Elle est jouée pour la première fois à Paris. Un an et demi après la diffusion sur Canal+ de La nuit où Laurier Gaudrault s’est réveillé, la très réussie mini-série de Xavier Dolan, la pièce de Michel Marc Bouchard, créée en 2019, dont elle est une adaptation libre est à l’affiche du Théâtre Tristan-Bernard.
« Généralement, c’est plutôt l’inverse : les gens connaissent la pièce et voient ensuite l’adaptation à l’écran. C’est fascinant de voir le regard que peuvent poser les gens sur la pièce lorsqu’ils ont vu la série. Ils l’accueillent presque différemment », confie le dramaturge québécois à 20 Minutes. « Ce qui m’étonne c’est que les mots "macabre" et "glaciale" reviennent toujours dans les critiques des médias français, alors que je trouve que c’est assez chaleureux », fait-il remarquer…
Au théâtre, la mère n’apparaît que comme un cadavre
Le spectacle dure une heure quarante-cinq quand la mini-série compte cinq épisodes d’une cinquantaine de minutes. Donc, si la colonne vertébrale du récit - ce qu’il s’est vraiment passé la fameuse nuit où Laurier Gaudrault s’est réveillé - est identique, les dissemblances sont nombreuses.
La pièce est un huis clos se déroulant l’espace de quelques jours dans une morgue d’un coin isolé du Québec quand la version destinée à l’écran se déroule sur deux époques et fait vivre le personnage de la mère - incarnée par Anne Dorval - qui, au théâtre, n’apparaît que comme un cadavre.
Dans les deux cas, c’est autour d’elle que se noue et se dénouent les enjeux de l’intrigue. Au décès de sa maman, Mireille, une thanatopractrice de renommée mondiale, revient, pour embaumer son corps, dans la ville qu’elle a quittée depuis des années. Elle y retrouve ses frères, Denis, Elliot et Julien, avec lesquels elle a pratiquement coupé les ponts. Cette réunion sous le signe du deuil fait ressurgir rancœurs, secrets et non-dits…
« Xavier avait "dolanisé" la pièce »
« Mon travail repose beaucoup sur le thème du mensonge. Là, il s’agit de voir comment un mensonge créé dans un état de panique, en cinq secondes, a été déterminant pour le reste de la vie de certains personnages et de leur entourage », reprend Michel Marc Bouchard. Et de poursuivre : « Xavier a dolanisé la pièce en allant vers ses propres fixations. Il a par exemple fait d’Elliott, un protagoniste qui chez moi est là pour exposer la situation avec sa sœur, un personnage à part entière avec ses problèmes d’addiction. »

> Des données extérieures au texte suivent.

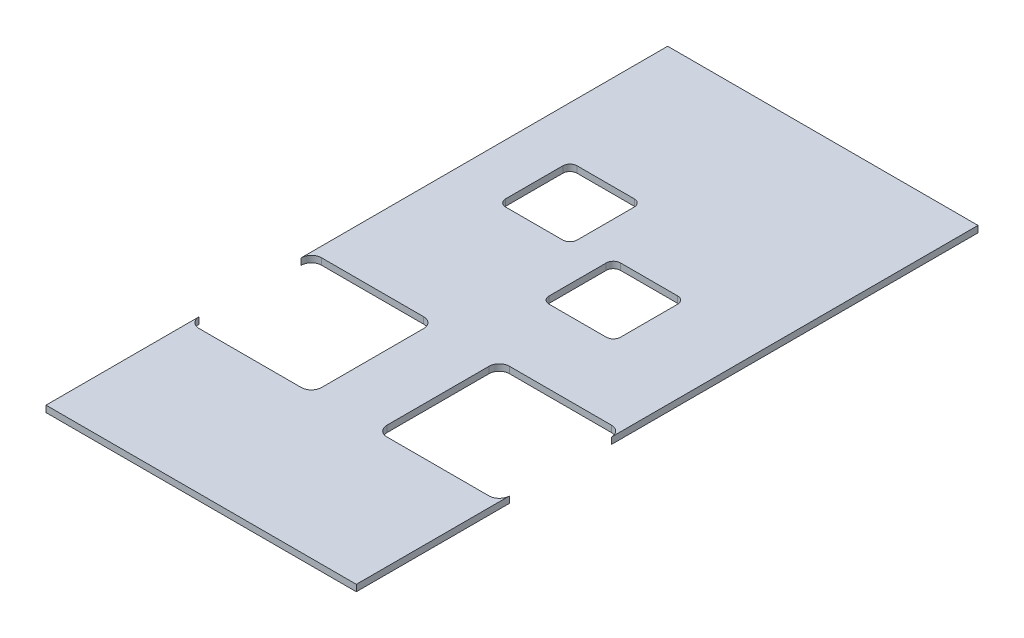
from build123d import *

# Parameters (mm, degrees)
SKETCH1_W           = 304
SKETCH1_H           = 609
BOSS_EXTRUDE1_DEPTH = 6.35
CUT_EXTRUDE1_DEPTH  = 386.382582119
CUT_EXTRUDE3_DEPTH  = 386.382582119


with BuildPart() as part:
    # Sketch1 → Boss-Extrude1 (new body)
    with BuildSketch(Plane(origin=(0, 0, 0), x_dir=(1, 0, 0), z_dir=(0, 1, 0))):
        with Locations((12.142011834, 44.121301775)):
            Rectangle(SKETCH1_W, SKETCH1_H)
    extrude(amount=BOSS_EXTRUDE1_DEPTH)

    # Sketch3 → Cut-Extrude1 (cut, through all)
    with BuildSketch(Plane(origin=(0, 6.35, 0), x_dir=(1, 0, 0), z_dir=(0, 1, 0))):
        with BuildLine():
            Line((154.142011834, -120.378698225), (54.142011834, -120.378698225))
            ThreePointArc((54.142011834, -120.378698225), (47.070944022, -117.449766037), (44.142011834, -110.378698225))
            Line((44.142011834, -110.378698225), (44.142011834, -10.378698225))
            ThreePointArc((44.142011834, -10.378698225), (47.070944022, -3.307630413), (54.142011834, -0.378698225))
            Line((54.142011834, -0.378698225), (154.142011834, -0.378698225))
            ThreePointArc((154.142011834, -0.378698225), (161.213079646, -3.307630413), (164.142011834, -10.378698225))
            Line((164.142011834, -10.378698225), (164.142011834, -110.378698225))
            ThreePointArc((164.142011834, -110.378698225), (161.213079646, -117.449766037), (154.142011834, -120.378698225))
        make_face()
        with BuildLine():
            Line((-129.857988166, -120.378698225), (-29.857988166, -120.378698225))
            ThreePointArc((-29.857988166, -120.378698225), (-22.786920354, -117.449766037), (-19.857988166, -110.378698225))
            Line((-19.857988166, -110.378698225), (-19.857988166, -10.378698225))
            ThreePointArc((-19.857988166, -10.378698225), (-22.786920354, -3.307630413), (-29.857988166, -0.378698225))
            Line((-29.857988166, -0.378698225), (-129.857988166, -0.378698225))
            ThreePointArc((-129.857988166, -0.378698225), (-136.929055978, -3.307630413), (-139.857988166, -10.378698225))
            Line((-139.857988166, -10.378698225), (-139.857988166, -110.378698225))
            ThreePointArc((-139.857988166, -110.378698225), (-136.929055978, -117.449766037), (-129.857988166, -120.378698225))
        make_face()
    extrude(amount=-CUT_EXTRUDE1_DEPTH, mode=Mode.SUBTRACT)

    # Sketch4 → Cut-Extrude3 (cut, through all)
    with BuildSketch(Plane(origin=(0, 6.35, 0), x_dir=(1, 0, 0), z_dir=(0, 1, 0))):
        with BuildLine():
            Line((20.906944625, 141.682393226), (76.906944625, 141.682393226))
            ThreePointArc((76.906944625, 141.682393226), (81.856692093, 139.632140694), (83.906944625, 134.682393226))
            Line((83.906944625, 134.682393226), (83.906944625, 78.682393226))
            ThreePointArc((83.906944625, 78.682393226), (81.856692093, 73.732645757), (76.906944625, 71.682393226))
            Line((76.906944625, 71.682393226), (20.906944625, 71.682393226))
            ThreePointArc((20.906944625, 71.682393226), (15.957197157, 73.732645757), (13.906944625, 78.682393226))
            Line((13.906944625, 78.682393226), (13.906944625, 134.682393226))
            ThreePointArc((13.906944625, 134.682393226), (15.957197157, 139.632140694), (20.906944625, 141.682393226))
        make_face()
        with BuildLine():
            Line((-82.776888169, 202.809428977), (-26.776888169, 202.809428977))
            ThreePointArc((-26.776888169, 202.809428977), (-21.8271407, 200.759176445), (-19.776888169, 195.809428977))
            Line((-19.776888169, 195.809428977), (-19.776888169, 139.809428977))
            ThreePointArc((-19.776888169, 139.809428977), (-21.8271407, 134.859681509), (-26.776888169, 132.809428977))
            Line((-26.776888169, 132.809428977), (-82.776888169, 132.809428977))
            ThreePointArc((-82.776888169, 132.809428977), (-87.726635637, 134.859681509), (-89.776888169, 139.809428977))
            Line((-89.776888169, 139.809428977), (-89.776888169, 195.809428977))
            ThreePointArc((-89.776888169, 195.809428977), (-87.726635637, 200.759176445), (-82.776888169, 202.809428977))
        make_face()
    extrude(amount=-CUT_EXTRUDE3_DEPTH, mode=Mode.SUBTRACT)


solid = part.part
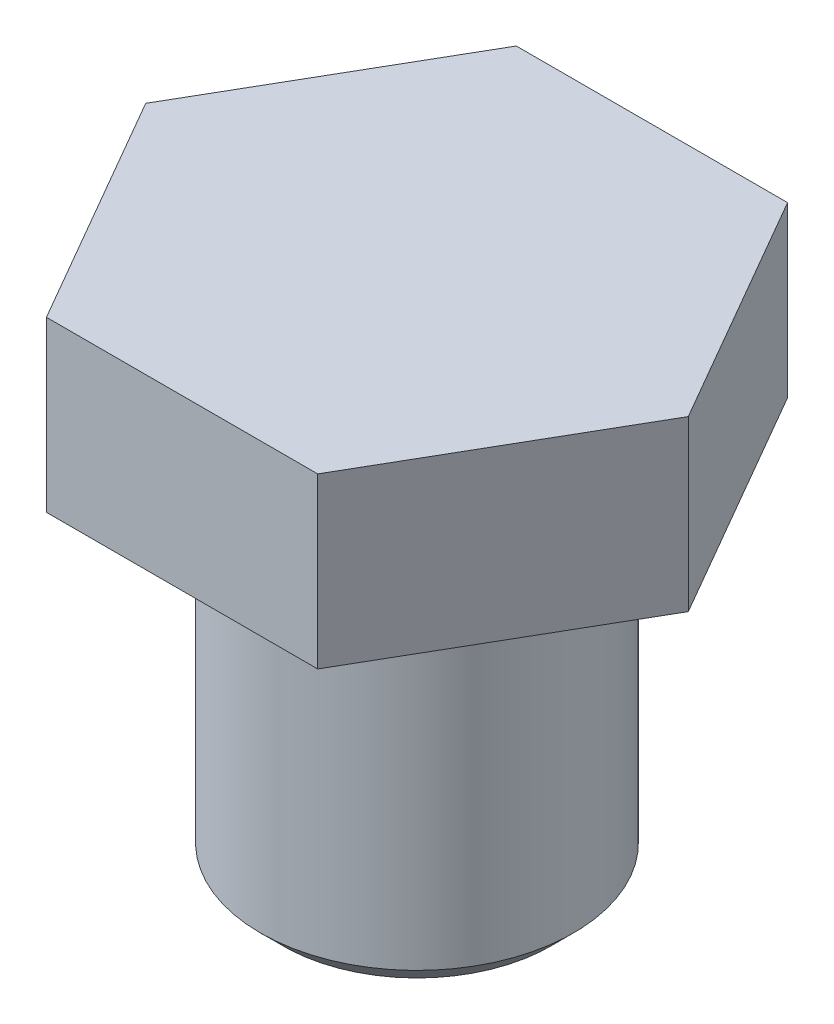
from build123d import *

# Parameters (mm, degrees)
BOSS_EXTRUDE1_DEPTH = 7.55
SKETCH2_R           = 7
BOSS_EXTRUDE2_DEPTH = 16
CHAMFER1_SIZE       = 1


with BuildPart() as part:
    # Sketch1 → Boss-Extrude1 (new body)
    with BuildSketch(Plane(origin=(0, 0, 0), x_dir=(1, 0, 0), z_dir=(0, 1, 0))):
        Polygon((-12.124355653, 0), (-6.062177826, -10.5), (6.062177826, -10.5), (12.124355653, 0), (6.062177826, 10.5), (-6.062177826, 10.5), align=None)
    extrude(amount=BOSS_EXTRUDE1_DEPTH)

    # Sketch2 → Boss-Extrude2 (add)
    with BuildSketch(Plane.XZ):
        with Locations(Location((0, 0, 0), (0, 0, 270))):
            Circle(SKETCH2_R)
    extrude(amount=BOSS_EXTRUDE2_DEPTH)

    # Chamfer1
    chamfer1_edges = [part.edges().sort_by_distance(p)[0] for p in [
        (0, -16, 7),
    ]]
    chamfer(chamfer1_edges, length=CHAMFER1_SIZE)


solid = part.part

Si le dramaturge a dû faire certains « deuils » avec le scénario du réalisateur, il s’y est résolu sans problème. Il avait d’ailleurs prévenu qu’il acceptait que sa pièce soit adaptée à condition qu’il ne se charge pas du script. « Pour avoir travaillé avec Xavier Dolan sur Tom à la ferme [une autre de ses pièces qui a été transposée sur (grand) écran en 2013], je savais qu’il fallait lui laisser les coudées franches, lui donner tout l’oxygène pour voler. »
Un humour noir, sardonique
Ce qui peut surprendre quand on découvre la pièce après avoir vu la série, c’est de constater à quel point l’humour noir, absurde, sardonique, est présent dans les dialogues originaux. « Pour moi, c’est venu naturellement à l’écriture, explique Michel Marc Bouchard. Dans cette famille, les gens sont frontaux, ils n’ont pas de filtre et disent ce qu’il leur passe par la tête. Il y a des moments de gêne qui s’accompagnent de chose très drôles, et l’humour, parfois, prend une dimension tragique lorsque des propos épouvantables sont dits avec bonhomie. »
L’excellente distribution qui joue La nuit où Laurier Gaudrault s’est réveillé sur la scène du Théâtre Tristan-Bernard délivre, sans trébucher, ce texte parfois casse-gueule dans ses revirements de situation et changements de ton. Ni vraiment macabre, ni vraiment glaciale, cette pièce est une bombe à déflagration lente. Après que suffisamment de rires francs ou gênés ont crépité, il ne reste plus que la vérité pour faire exploser les larmes.